January to April. Elective courses introduce students to modern topics and cover cutting-edge research topics from various specialized subfields. Students take at least six courses. The total number of elective courses changes each year, and is generally between twelve and fifteen. Each course is five weeks long. The following are the descriptions of elective courses from recent years. Note that the courses and their topics are subject to change and may not fully reflect the content of the upcoming year.

Recent courses and topics include:

Condensed Matter

Spontaneous symmetry breaking of continuous symmetries. Goldstone modes. Nonlinear sigma model. 2+epsilon and large-N expansion. 2D melting. Hexatic phase. Quantum spin chains. Bosonization. Luttinger liquid. Fermi liquid. Cooper instability. Shankar-Polchinski RG. BCS superconductivity.

Quantum Foundations

The problem with the "textbook interpretation" of quantum mechanics. Operationalism vs. realism. The quantum measurement problem and a classification of research programs in terms of their proposed solution to it. Formulating quantum theory as an operational theory: density operators, positive operator-valued measures, completely positive trace-preserving maps, purification, Naimark extension, Stinespring dilation. Operational axiomatizations of quantum theory. Hidden variable models and the distinction between psi-ontic and psi-epistemic models. Hidden variable models based on an epistemic restriction. Bell’s theorem and locality. The Kochen-Specker theorem and noncontextuality. The deBroglie-Bohm interpretation. Dynamical Collapse Theories. The Everett Interpretation.

Gravitational Physics

The main objective of this course is to discuss some advanced topics in gravitational physics and its applications to high energy physics. Necessary mathematical tools will be introduced on the way.

Quantum Information

Formulating quantum theory as an operational theory. Reversible computation. Quantum gates. Complexity. Algorithms. Error correction. Cryptography and information theory.

Cosmology

FRW universe. Dark energy. Cosmic Microwave Background. Big Bang Nucleosynthesis. Dark Matter. LCDM cosmology. Inflation. Primordial perturbations. QFT in curved space background.

Machine Learning for Many Body Physics

This course is designed to introduce machine learning techniques for studying classical and quantum many-body problems encountered in quantum matter, quantum information, and related fields of physics. Lectures will emphasize relationships between statistical physics and machine learning. Tutorials and homework assignments will focus on developing programming skills for machine learning using Python. Students will be introduced to topics such as training techniques for supervised learning, feedforward neural networks, convolutional neural networks, unsupervised learning for data visualization and clustering, and research frontiers at the intersection of physics and machine learning. generative modelling.

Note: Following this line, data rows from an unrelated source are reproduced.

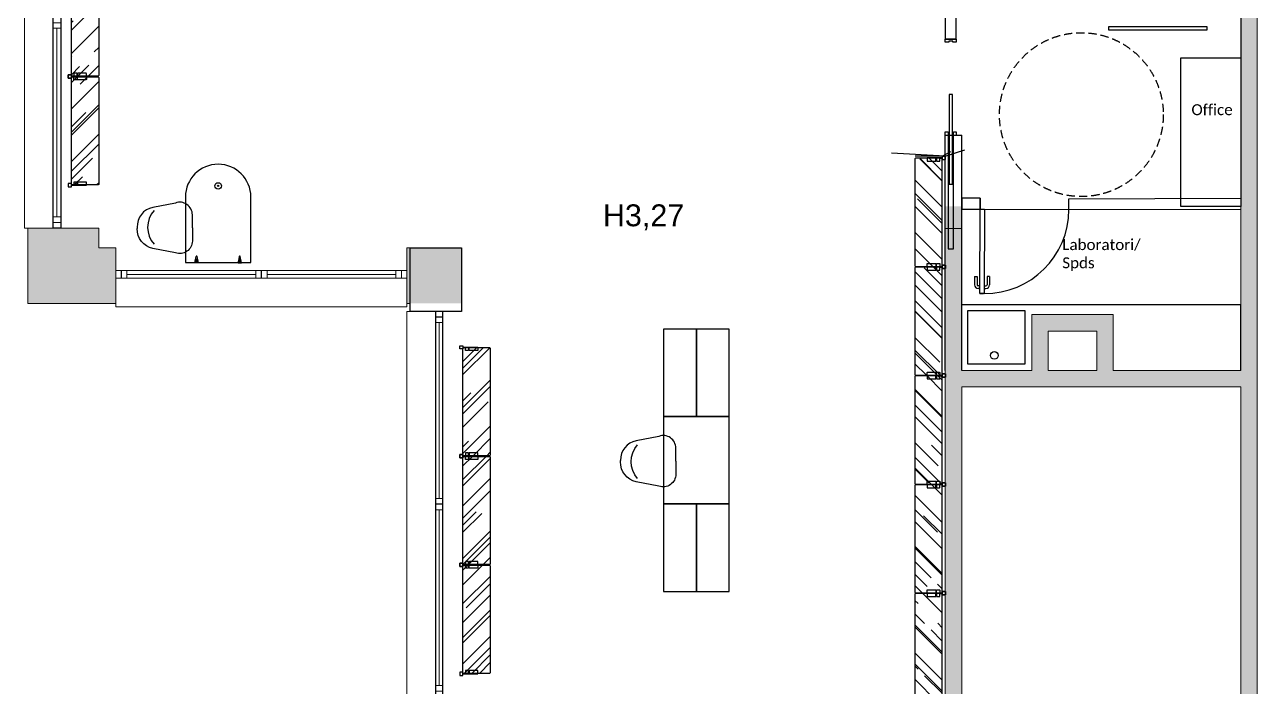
# Model space of a CAD drawing. Header units: metres. Extents: x 11076 to 23011, y 5678 to 28676.
# Drawn here: x 11076 to 22364, y 11864 to 17930 of the extents above; entities that cross this region are included whole.
import ezdxf

# ---------------------------------------------------------------- set-up
doc = ezdxf.new("R2010")
doc.units = ezdxf.units.M
doc.linetypes.add('000-BUILDING-GRID$0$BASE$0$HIDDEN', pattern=[0.375, 0.25, -0.125])
doc.linetypes.add('CONTINUA', pattern=[0])
doc.layers.add('0001 Bloques Estándar concep', color=7, linetype='Continuous', true_color=0x013e84)
for name, color, linetype, lineweight in [('3201_Baixa distribució', 7, 'CONTINUA', 18), ('3202_Baixa útils _ acabats locals', 7, 'CONTINUA', 18), ('_Co TEXTO', 7, 'Continuous', 13)]:
    doc.layers.add(name, color=color, linetype=linetype, lineweight=lineweight)
for name, color, linetype in [('_Co FALSO TECHO', 252, 'Continuous'), ('_Co MUEBLE CONCEP', 5, 'Continuous'), ('_Co MUEBLE NO CONCEP', 181, 'Continuous'), ('_Co MUROS', 1, 'Continuous'), ('_Co PUERTAS', 70, 'Continuous'), ('_Co SOMBREADOS', 8, 'Continuous'), ('_Co TABIQUERIA', 3, 'Continuous')]:
    doc.layers.add(name, color=color, linetype=linetype)
doc.styles.add('ARIAL', font='Arial.ttf')
pattern_1 = [(180.006153, (97495.1654, 7826.077), (-3.1243288, -6.25033553), [0, -6.24999998])]
pattern_2 = [(0.006153, (-97496.844, 7805.137), (3.12567115, -6.24966435), [0, -6.24999998])]

# ---------------------------------------------------------------- blocks, each defined once
blk = doc.blocks.new('silla oficina')
blk.add_line((7, -267), (19, -267))
for points in [[(13, 238), (-107, 238, 0.523089), (-215, 83), (-175, -124, 0.371394), (7, -267, 0.957025)], [(13, 238), (133, 238, -0.523089), (240, 83), (200, -124, -0.371394), (19, -267, -0.957025)]]:
    blk.add_lwpolyline(points, format="xyb")
blk.add_arc((8, 58), 230, 227.6425, 312.3575)
blk = doc.blocks.new('mesa concep')
h = blk.add_hatch()
h.set_pattern_fill('DOTS', color=256, scale=100, angle=180.0062, style=0)
h.set_pattern_definition(pattern_2)
edge = h.paths.add_edge_path()
edge.add_line((-196, -30), (-200, -30))
edge.add_ellipse((-163, 2), major_axis=(-34.5, 34.5), ratio=1, start_angle=47.3504, end_angle=86.0131, ccw=False)
edge.add_line((-212, 0), (-185, 0))
edge.add_ellipse((-233, 2), major_axis=(-34.5, 34.5), ratio=1, start_angle=183.9869, end_angle=222.6496, ccw=False)
edge = h.paths.add_edge_path()
edge.add_line((-185, 0), (-212, 0))
edge.add_ellipse((-163, 2), major_axis=(-34.5, 34.5), ratio=1, start_angle=42.6466, end_angle=47.3504, ccw=False)
edge.add_line((-212, 4), (-185, 4))
edge.add_ellipse((-233, 2), major_axis=(-34.5, 34.5), ratio=1, start_angle=222.6496, end_angle=227.3534, ccw=False)
h = blk.add_hatch()
h.set_pattern_fill('DOTS', color=256, scale=100, angle=0.0062, style=0)
h.set_pattern_definition(pattern_2)
edge = h.paths.add_edge_path()
edge.add_line((-196, -30), (-200, -30))
edge.add_ellipse((-163, 2), major_axis=(34.5, 34.5), ratio=1, start_angle=137.3504, end_angle=176.0131, ccw=False)
edge.add_line((-212, 0), (-185, 0))
edge.add_ellipse((-233, 2), major_axis=(34.5, 34.5), ratio=1, start_angle=273.9869, end_angle=312.6496, ccw=False)
edge = h.paths.add_edge_path()
edge.add_line((-185, 0), (-212, 0))
edge.add_ellipse((-163, 2), major_axis=(34.5, 34.5), ratio=1, start_angle=132.6466, end_angle=137.3504, ccw=False)
edge.add_line((-212, 4), (-185, 4))
edge.add_ellipse((-233, 2), major_axis=(-34.5, 34.5), ratio=1, start_angle=222.6496, end_angle=227.3534, ccw=False)
h = blk.add_hatch()
h.set_pattern_fill('DOTS', color=256, scale=100, angle=180.0062, style=0)
h.set_pattern_definition(pattern_1)
h.paths.add_polyline_path([(196, -30), (200, -30, 0.170317), (212, 0), (185, 0, 0.170317)])
h.paths.add_polyline_path([(185, 0), (212, 0, 0.020527), (212, 4), (185, 4, 0.020527)])
h = blk.add_hatch()
h.set_pattern_fill('DOTS', color=256, scale=100, angle=0.0062, style=0)
h.set_pattern_definition(pattern_1)
edge = h.paths.add_edge_path()
edge.add_line((196, -30), (200, -30))
edge.add_ellipse((163, 2), major_axis=(34.5, 34.5), ratio=1, start_angle=273.9869, end_angle=312.6496)
edge.add_line((212, 0), (185, 0))
edge.add_ellipse((233, 2), major_axis=(34.5, 34.5), ratio=1, start_angle=137.3504, end_angle=176.0131)
edge = h.paths.add_edge_path()
edge.add_line((185, 0), (212, 0))
edge.add_ellipse((163, 2), major_axis=(-34.5, 34.5), ratio=1, start_angle=222.6496, end_angle=227.3534)
edge.add_line((212, 4), (185, 4))
edge.add_ellipse((233, 2), major_axis=(34.5, 34.5), ratio=1, start_angle=132.6466, end_angle=137.3504)
for p, q in [((300, 0), (-300, 0)), ((-213, 4), (-202, -55)), ((-183, 4), (-213, 4)), ((-194, -55), (-183, 4)), ((194, -55), (183, 4)), ((183, 4), (213, 4)), ((213, 4), (202, -55)), ((300, -600), (300, 0)), ((-300, 0), (-300, -600)), ((-200, -30), (-196, -30)), ((200, -30), (196, -30))]:
    blk.add_line(p, q)
for radius in [30, 6]:
    blk.add_circle((0, -701), radius)
for centre, radius, start, end in [((-163, 2), 48.7, 177.6527, 221.0192), ((-233, 2), 48.7, 318.9931, 2.3596), ((233, 2), 48.7, 177.6527, 221.0192), ((163, 2), 48.7, 318.9931, 2.3596), ((-198, -55), 4.5, 190.0255, 349.9868), ((198, -54), 4.5, 190.0255, 349.9868), ((0, -600), 300, 180.0062, 0.0062)]:
    blk.add_arc(centre, radius, start, end)
blk = doc.blocks.new('Visio Poste Visto Ancho 990 Alto 3000mm con 6 est vidrio 30x30 planta')
at = {"layer": '0001 Bloques Estándar concep', "ltscale": 10}
h = blk.add_hatch(dxfattribs=at)
h.set_pattern_fill('AR-RROOF', color=256, scale=10, angle=45, style=0)
h.set_pattern_definition([(45, (0, 54), (215.526, 574.736), [3810, -508, 1270, -254]), (45, (149.07, 382.68), (-418.48, 59.27), [762, -83.82, 1524, -190.5]), (45, (-62.86, 296.47), (813.611, 1054.282), [2032, -355.6, 1016, -254])])
h.paths.add_polyline_path([(23, -280), (1003, -280), (1008, -275), (1008, -35), (1003, -30), (23, -30), (18, -35), (18, -275)])
at = {"layer": '0001 Bloques Estándar concep', "ltscale": 50}
for points in [[(45, -89, 0.414214), (43, -87), (17, -87), (17, -82), (43, -82, 0.414214), (45, -80), (45, -54, 0.414214), (43, -52), (17, -52), (17, -30), (30, -30), (30, 0), (0, 0), (0, -30), (15, -30), (15, -167), (43, -167, 0.414214), (45, -165)], [(981, -89, -0.414214), (983, -87), (1009, -87), (1009, -82), (983, -82, -0.414214), (981, -80), (981, -54, -0.414214), (983, -52), (1009, -52), (1009, -30), (996, -30), (996, 0), (1026, 0), (1026, -30), (1011, -30), (1011, -167), (983, -167, -0.414214), (981, -165)]]:
    blk.add_lwpolyline(points, format="xyb", close=True, dxfattribs=at)
at = {"layer": '0001 Bloques Estándar concep', "ltscale": 10}
blk.add_lwpolyline([(23, -280), (1003, -280), (1008, -275), (1008, -35), (1003, -30), (23, -30), (18, -35), (18, -275)], close=True, dxfattribs=at)
blk = doc.blocks.new('*U146')
at = {"rotation": 270}
blk.add_blockref('Visio Poste Visto Ancho 990 Alto 3000mm con 6 est vidrio 30x30 planta', (336, 802), dxfattribs=at)
blk = doc.blocks.new('*U147')
at = {"layer": '_Co TABIQUERIA', "color": 0, "linetype": 'ByBlock', "lineweight": -2, "transparency": 16777216}
for p in [(0, 3984), (0, 2988), (0, 1992), (0, 996), (0, 0)]:
    blk.add_blockref('*U146', p, dxfattribs=at)
blk = doc.blocks.new('*U150')
at = {"rotation": 270}
blk.add_blockref('Visio Poste Visto Ancho 990 Alto 3000mm con 6 est vidrio 30x30 planta', (336, 802), dxfattribs=at)
blk = doc.blocks.new('*U151')
at = {"layer": '_Co TABIQUERIA', "color": 0, "linetype": 'ByBlock', "lineweight": -2, "transparency": 16777216}
for p in [(0, 1992), (0, 996), (0, 0)]:
    blk.add_blockref('*U150', p, dxfattribs=at)
blk = doc.blocks.new('*U152')
at = {"rotation": 270}
blk.add_blockref('Visio Poste Visto Ancho 990 Alto 3000mm con 6 est vidrio 30x30 planta', (336, 802), dxfattribs=at)
blk = doc.blocks.new('*U153')
at = {"layer": '_Co TABIQUERIA', "color": 0, "linetype": 'ByBlock', "lineweight": -2, "transparency": 16777216}
for p in [(0, 1992), (0, 996), (0, 0)]:
    blk.add_blockref('*U152', p, dxfattribs=at)
blk = doc.blocks.new('*U155')
at = {"layer": '_Co PUERTAS'}
for p, q in [((621, 49), (696, 49)), ((621, 49), (621, 26)), ((621, 26), (696, 26)), ((706, 0), (706, 16)), ((729, 0), (729, 16)), ((4, -40), (4, -7)), ((4, -7), (4, -7)), ((4, -7), (4, -7)), ((621, -66), (696, -66)), ((621, -89), (621, -66)), ((621, -89), (696, -89)), ((706, -40), (706, -56)), ((729, -40), (729, -56)), ((776, -40), (776, -7))]:
    blk.add_line(p, q, dxfattribs=at)
blk.add_lwpolyline([(4, 0), (776, 0), (776, -40), (4, -40)], close=True, dxfattribs=at)
for centre, radius, start, end in [((696, 16), 32.9, 0, 90), ((696, 16), 10, 0, 90), ((696, -56), 10, 270, 0), ((696, -56), 32.9, 270, 0)]:
    blk.add_arc(centre, radius, start, end, dxfattribs=at)
at = {"layer": '_Co SOMBREADOS'}
blk.add_line((4, 0), (4, 772), dxfattribs=at)
blk.add_arc((4, 0), 772, 0, 90, dxfattribs=at)

msp = doc.modelspace()

# ---------------------------------------------------------------- hatches: boundary and pattern name
at = {"layer": '3201_Baixa distribució', "linetype": 'CONTINUA', "lineweight": 15, "transparency": 33554687}
msp.add_hatch(color=256, dxfattribs=at).paths.add_polyline_path([(11756, 15889), (11756, 16069), (11106, 16069), (11106, 15379), (11911, 15379), (11911, 15889)])
at = {"layer": '3201_Baixa distribució', "linetype": 'CONTINUA', "lineweight": 18, "transparency": 33554687}
for points in [[(19507, 11988), (19657, 11988), (19657, 14552), (19507, 14552)], [(19657, 11988), (19507, 11988), (19507, 11547), (19877, 11547), (19877, 11649), (19657, 11649)]]:
    msp.add_hatch(color=256, dxfattribs=at).paths.add_polyline_path(points)
at = {"layer": '_Co MUROS', "linetype": 'CONTINUA', "lineweight": 15, "transparency": 33554687}
h = msp.add_hatch(color=256, dxfattribs=at)
h.paths.add_polyline_path([(11106, 20529), (11106, 19829), (11756, 19829), (11756, 20529)])
h.paths.add_polyline_path([(11106, 16069), (11106, 15889), (11756, 15889), (11756, 16069)])
h.paths.add_polyline_path([(11106, 25884), (11106, 25429), (11576, 25429), (11576, 25683), (11518, 25968)])
for points in [[(22364, 11388), (22364, 20084), (22214, 20084), (22214, 11388)], [(19507, 16266), (19507, 11649), (19657, 11649), (19657, 16266)], [(14607, 15379), (15077, 15379), (15077, 15889), (14607, 15889)], [(21044, 15276), (20299, 15276), (20299, 15126), (21044, 15126)], [(20449, 14766), (20449, 15126), (20299, 15126), (20299, 14766)], [(21043, 14766), (21043, 15126), (20893, 15126), (20893, 14766)], [(22214, 14766), (19657, 14766), (19657, 14616), (22214, 14616)]]:
    msp.add_hatch(color=256, dxfattribs=at).paths.add_polyline_path(points)
h = msp.add_hatch(color=256, dxfattribs=at)
h.paths.add_polyline_path([(11106, 15379), (11911, 15379), (11911, 15889), (11106, 15889)])
h.paths.add_polyline_path([(14577, 15889), (14577, 15379), (14607, 15379), (14607, 15889)])

# ---------------------------------------------------------------- linework, layer by layer
at = {"layer": '3201_Baixa distribució', "linetype": 'CONTINUA', "lineweight": 18, "transparency": 33554687}
for p, q in [((11371, 17898), (11371, 16170)), ((19507, 16266), (19507, 11649)), ((22214, 16316), (22214, 14766)), ((11106, 16069), (11336, 16069)), ((11106, 16069), (11106, 15889)), ((11336, 16069), (11406, 16069)), ((11406, 16069), (11756, 16069)), ((11756, 15889), (11756, 16069)), ((19657, 16066), (19507, 16066)), ((19657, 14766), (19657, 16116)), ((11106, 15889), (11106, 15379)), ((11911, 15889), (11756, 15889)), ((11911, 15889), (11911, 15679)), ((14577, 15679), (14577, 15889)), ((14607, 15889), (14577, 15889)), ((15077, 15889), (14607, 15889)), ((15077, 15305), (15077, 15889)), ((11911, 15679), (11911, 15609)), ((11911, 15609), (11911, 15379)), ((12012, 15644), (13193, 15644)), ((13296, 15644), (14476, 15644)), ((14577, 15609), (14577, 15679)), ((14577, 15379), (14577, 15609)), ((11106, 15379), (11911, 15379)), ((14577, 15379), (14607, 15379)), ((14607, 15379), (14607, 15305)), ((14837, 15305), (14607, 15305)), ((14907, 15305), (14837, 15305)), ((15077, 15305), (14907, 15305)), ((21044, 15276), (20299, 15276)), ((20299, 15276), (20299, 15126)), ((21044, 15126), (21044, 15276)), ((14872, 15204), (14872, 13593)), ((20299, 15126), (20299, 14766)), ((20449, 14766), (20449, 15126)), ((20449, 15126), (20893, 15126)), ((20893, 15126), (20893, 14766)), ((21043, 14766), (21043, 15126)), ((21043, 15126), (21044, 15126)), ((20299, 14766), (19657, 14766)), ((20893, 14766), (20449, 14766)), ((22214, 14766), (21043, 14766)), ((19657, 11649), (19657, 14616)), ((14872, 13490), (14872, 11880))]:
    msp.add_line(p, q, dxfattribs=at)
for points in [[(11336, 19829), (11076, 19829), (11076, 16069), (11336, 16069), (11336, 19829)], [(11406, 17948), (11336, 17948), (11336, 17898), (11406, 17898), (11406, 17948)], [(11336, 16170), (11406, 16170), (11406, 17898), (11336, 17898), (11336, 16170)], [(11336, 17898), (11336, 16170), (11406, 16170), (11406, 17898), (11336, 17898)], [(11336, 16170), (11336, 16120), (11406, 16120), (11406, 16170), (11336, 16170)], [(11406, 16119), (11406, 16120), (11336, 16120), (11336, 16119), (11406, 16119)], [(11336, 16119), (11336, 16069), (11406, 16069), (11406, 16119), (11336, 16119)], [(11911, 15609), (11961, 15609), (11961, 15679), (11911, 15679), (11911, 15609)], [(11911, 15609), (11911, 15349), (14577, 15349), (14577, 15609), (11911, 15609)], [(11962, 15609), (11962, 15679), (11961, 15679), (11961, 15609), (11962, 15609)], [(11962, 15679), (11962, 15609), (12012, 15609), (12012, 15679), (11962, 15679)], [(13193, 15609), (13193, 15679), (12012, 15679), (12012, 15609), (13193, 15609)], [(12012, 15609), (13193, 15609), (13193, 15679), (12012, 15679), (12012, 15609)], [(13193, 15609), (13243, 15609), (13243, 15679), (13193, 15679), (13193, 15609)], [(13246, 15609), (13246, 15679), (13243, 15679), (13243, 15609), (13246, 15609)], [(13246, 15679), (13246, 15609), (13296, 15609), (13296, 15679), (13246, 15679)], [(14476, 15609), (14476, 15679), (13296, 15679), (13296, 15609), (14476, 15609)], [(13296, 15609), (14476, 15609), (14476, 15679), (13296, 15679), (13296, 15609)], [(14476, 15609), (14526, 15609), (14526, 15679), (14476, 15679), (14476, 15609)], [(14527, 15679), (14526, 15679), (14526, 15609), (14527, 15609), (14527, 15679)], [(14527, 15609), (14577, 15609), (14577, 15679), (14527, 15679), (14527, 15609)], [(14837, 15305), (14577, 15305), (14577, 11779), (14837, 11779), (14837, 15305)], [(14837, 15305), (14837, 15255), (14907, 15255), (14907, 15305), (14837, 15305)], [(14837, 15254), (14907, 15254), (14907, 15255), (14837, 15255), (14837, 15254)], [(14907, 15254), (14837, 15254), (14837, 15204), (14907, 15204), (14907, 15254)], [(14837, 13593), (14907, 13593), (14907, 15204), (14837, 15204), (14837, 13593)], [(14837, 15204), (14837, 13593), (14907, 13593), (14907, 15204), (14837, 15204)], [(14837, 13593), (14837, 13543), (14907, 13543), (14907, 13593), (14837, 13593)], [(14837, 13540), (14907, 13540), (14907, 13543), (14837, 13543), (14837, 13540)], [(14907, 13540), (14837, 13540), (14837, 13490), (14907, 13490), (14907, 13540)], [(14837, 11880), (14907, 11880), (14907, 13490), (14837, 13490), (14837, 11880)], [(14837, 13490), (14837, 11880), (14907, 11880), (14907, 13490), (14837, 13490)], [(14837, 11880), (14837, 11830), (14907, 11830), (14907, 11880), (14837, 11880)]]:
    msp.add_lwpolyline(points, dxfattribs=at)
at = {"layer": '_Co FALSO TECHO', "linetype": '000-BUILDING-GRID$0$BASE$0$HIDDEN', "ltscale": 300}
msp.add_circle((20753, 17107), 750, dxfattribs=at)
at = {"layer": '_Co MUEBLE CONCEP'}
msp.add_line((22214, 19884), (22214, 16266), dxfattribs=at)
for points in [[(22214, 16266), (21664, 16266), (21664, 17626), (22214, 17626)], [(22214, 14766), (22214, 15366), (19657, 15366)]]:
    msp.add_lwpolyline(points, dxfattribs=at)
for points in [[(20235, 15315), (20235, 14823), (19713, 14823), (19713, 15315)], [(17227, 15143), (16927, 15143), (16927, 14343), (17227, 14343)], [(17527, 15143), (17227, 15143), (17227, 14343), (17527, 14343)], [(17527, 14343), (16927, 14343), (16927, 13543), (17527, 13543)], [(17227, 13543), (16927, 13543), (16927, 12743), (17227, 12743)], [(17527, 13543), (17227, 13543), (17227, 12743), (17527, 12743)]]:
    msp.add_lwpolyline(points, close=True, dxfattribs=at)
msp.add_circle((19956, 14903), 35.1, dxfattribs=at)
at = {"layer": '_Co MUROS', "linetype": 'CONTINUA', "lineweight": 18, "transparency": 33554687}
for p, q in [((22364, 11388), (22364, 20084)), ((19657, 14616), (22214, 14616)), ((22214, 14616), (22214, 11388))]:
    msp.add_line(p, q, dxfattribs=at)
at = {"layer": '_Co MUROS'}
for points in [[(11336, 19829), (11406, 19829), (11406, 16069), (11336, 16069)], [(14607, 15889), (15077, 15889), (15077, 15305), (14607, 15305)], [(14837, 11779), (14907, 11779), (14907, 15305), (14837, 15305)]]:
    msp.add_lwpolyline(points, close=True, dxfattribs=at)
for points in [[(19508, 16919), (19533, 16919)], [(19583, 16919), (19607, 16919)]]:
    msp.add_lwpolyline(points, dxfattribs=at)
at = {"layer": '_Co PUERTAS'}
msp.add_lwpolyline([(21003, 17914), (21903, 17914), (21903, 17879), (21003, 17879)], close=True, dxfattribs=at)
msp.add_lwpolyline([(19572, 17292), (19542, 17292), (19542, 16471), (19572, 16471), (19572, 17292)], dxfattribs=at)
at = {"layer": '_Co TABIQUERIA'}
for p, q in [((19507, 16726), (19013, 16753)), ((19507, 16726), (19232, 16726)), ((19477, 16726), (19558, 16769)), ((19507, 16726), (19685, 16785))]:
    msp.add_line(p, q, dxfattribs=at)
for points in [[(19508, 17799), (19507, 19909)], [(19607, 17799), (19607, 19830)], [(19607, 17799), (19507, 17799)], [(19508, 17799), (19607, 17799), (19607, 17769), (19577, 17769), (19577, 17780), (19538, 17780), (19538, 17769), (19507, 17769), (19507, 17799)], [(19607, 17799), (19508, 17799)], [(19507, 16919), (19507, 16949), (19533, 16949), (19533, 16919)], [(19583, 16919), (19583, 16949), (19607, 16949), (19607, 16919)], [(19507, 14766), (19507, 16919), (19657, 16919)], [(19533, 16919), (19533, 15878), (19583, 15878), (19583, 16919)], [(19657, 14766), (19657, 16919)], [(19827, 16341), (19827, 16241)], [(20639, 16337), (22214, 16341)], [(20639, 16237), (20639, 16337)], [(20639, 16237), (22214, 16241)]]:
    msp.add_lwpolyline(points, dxfattribs=at)
msp.add_lwpolyline([(19827, 16341), (19657, 16341), (19657, 16241), (19827, 16241)], close=True, dxfattribs=at)

# ---------------------------------------------------------------- block references
at = {"layer": '_Co MUEBLE NO CONCEP'}
for name, p, rotation in [('mesa concep', (12848, 15753), 180), ('silla oficina', (12374, 16083), 269.9999999999999)]:
    msp.add_blockref(name, p, dxfattribs=dict(at, rotation=rotation))
at = {"layer": '_Co MUEBLE NO CONCEP', "xscale": -1, "rotation": 270}
msp.add_blockref('silla oficina', (16801, 13922), dxfattribs=at)
at = {"layer": '_Co PUERTAS', "rotation": 269.7200411652328}
msp.add_blockref('*U155', (19867, 16245), dxfattribs=at)
at = {"layer": '_Co TABIQUERIA', "xscale": -1}
for name, p in [('*U153', (11810, 16669)), ('*U151', (15396, 12198))]:
    msp.add_blockref(name, p, dxfattribs=at)
at = {"layer": '_Co TABIQUERIA'}
msp.add_blockref('*U147', (19172, 11939), dxfattribs=at)

# ---------------------------------------------------------------- texts
at = {"layer": '3202_Baixa útils _ acabats locals', "linetype": 'CONTINUA', "lineweight": 18, "transparency": 33554687, "insert": (16371, 16048), "char_height": 200, "width": 1046.61, "attachment_point": 7, "style": 'ARIAL'}
msp.add_mtext('H3,27', dxfattribs=at)
at = {"layer": '_Co TEXTO', "char_height": 100, "attachment_point": 1}
for s, insert in [('{\\fCalibri|b0|i0|c0|p34;Office}', (21761, 17202)), ('{\\fCalibri|b0|i0|c0|p34;Laboratori/\\PSpds}', (20578, 15967))]:
    msp.add_mtext_dynamic_manual_height_columns(s, width=901.2, gutter_width=12.5, heights=[0], dxfattribs=dict(at, insert=insert))

doc.saveas('drawing.dxf')

Quantum Fields and Strings

Conformal field theory. Anomalies. Introduction to string theory.

Relativistic Quantum Information (RQI)

What is RQI? Research topics in RQI. Measuring quantum fields; The measurement problem and relativity. What is a particle detector? The light-matter interaction form first principles. Unruh-DeWitt detectors; practical quantum information on QFTs. Relativity, covariance and quantum optics; A critical view on the single-mode and rotating wave approximations. Measuring vacuum fluctuations. Non-inertial particle detectors and qubits in curved spacetimes. The Unruh effect: Original derivation with quantum information perspective. Thermality. Gibbs vs KMS. When Gibbs is not enough: The KMS condition in QFT. Thermalization of accelerated particle detectors: The Unruh effect, modern derivation. Entanglement structure of a QFT. Introduction to entanglement harvesting from the vacuum. Quantum Energy Teleportation and violation of energy conditions.

Chern-Simons

Review of differential forms and a very brief discussion of cohomology. Review of gauge fields, gauge invariance, field strength, and Wilson lines. The Chern-Simons Lagrangian. Gauge invariance and quantization of the level. Wilson lines and their topological invariance. Knot invariants from Wilson lines. Jones polynomial, and the relation between Wilson lines and the Jones polynomial. The phase space and the Hilbert space on a Riemann surface. Braid group actions on the Hilbert space in the presence of Wilson lines, and the Knizhnik-Zamolodchikov equation.

Quantum Gravity

Canonical formulation of constrained systems. The Dirac program. First order formalism of gravity. Loop Quantum Gravity. Spinfoam models. Discussions with invited speakers on: Space and Time in Quantum Gravity, Loop Quantum Cosmology, Black Holes, Other approaches of Quantum Gravity, Numerical methods in Spinfoam models, Research at PI.

Standard Model

Standard model particle content and Lagrangian with application of Yang-Mills theory. Spontaneous symmetry breaking Standard model effective theory. Right handed neutrino. Application to particle physics: Feynman rules for the standard model.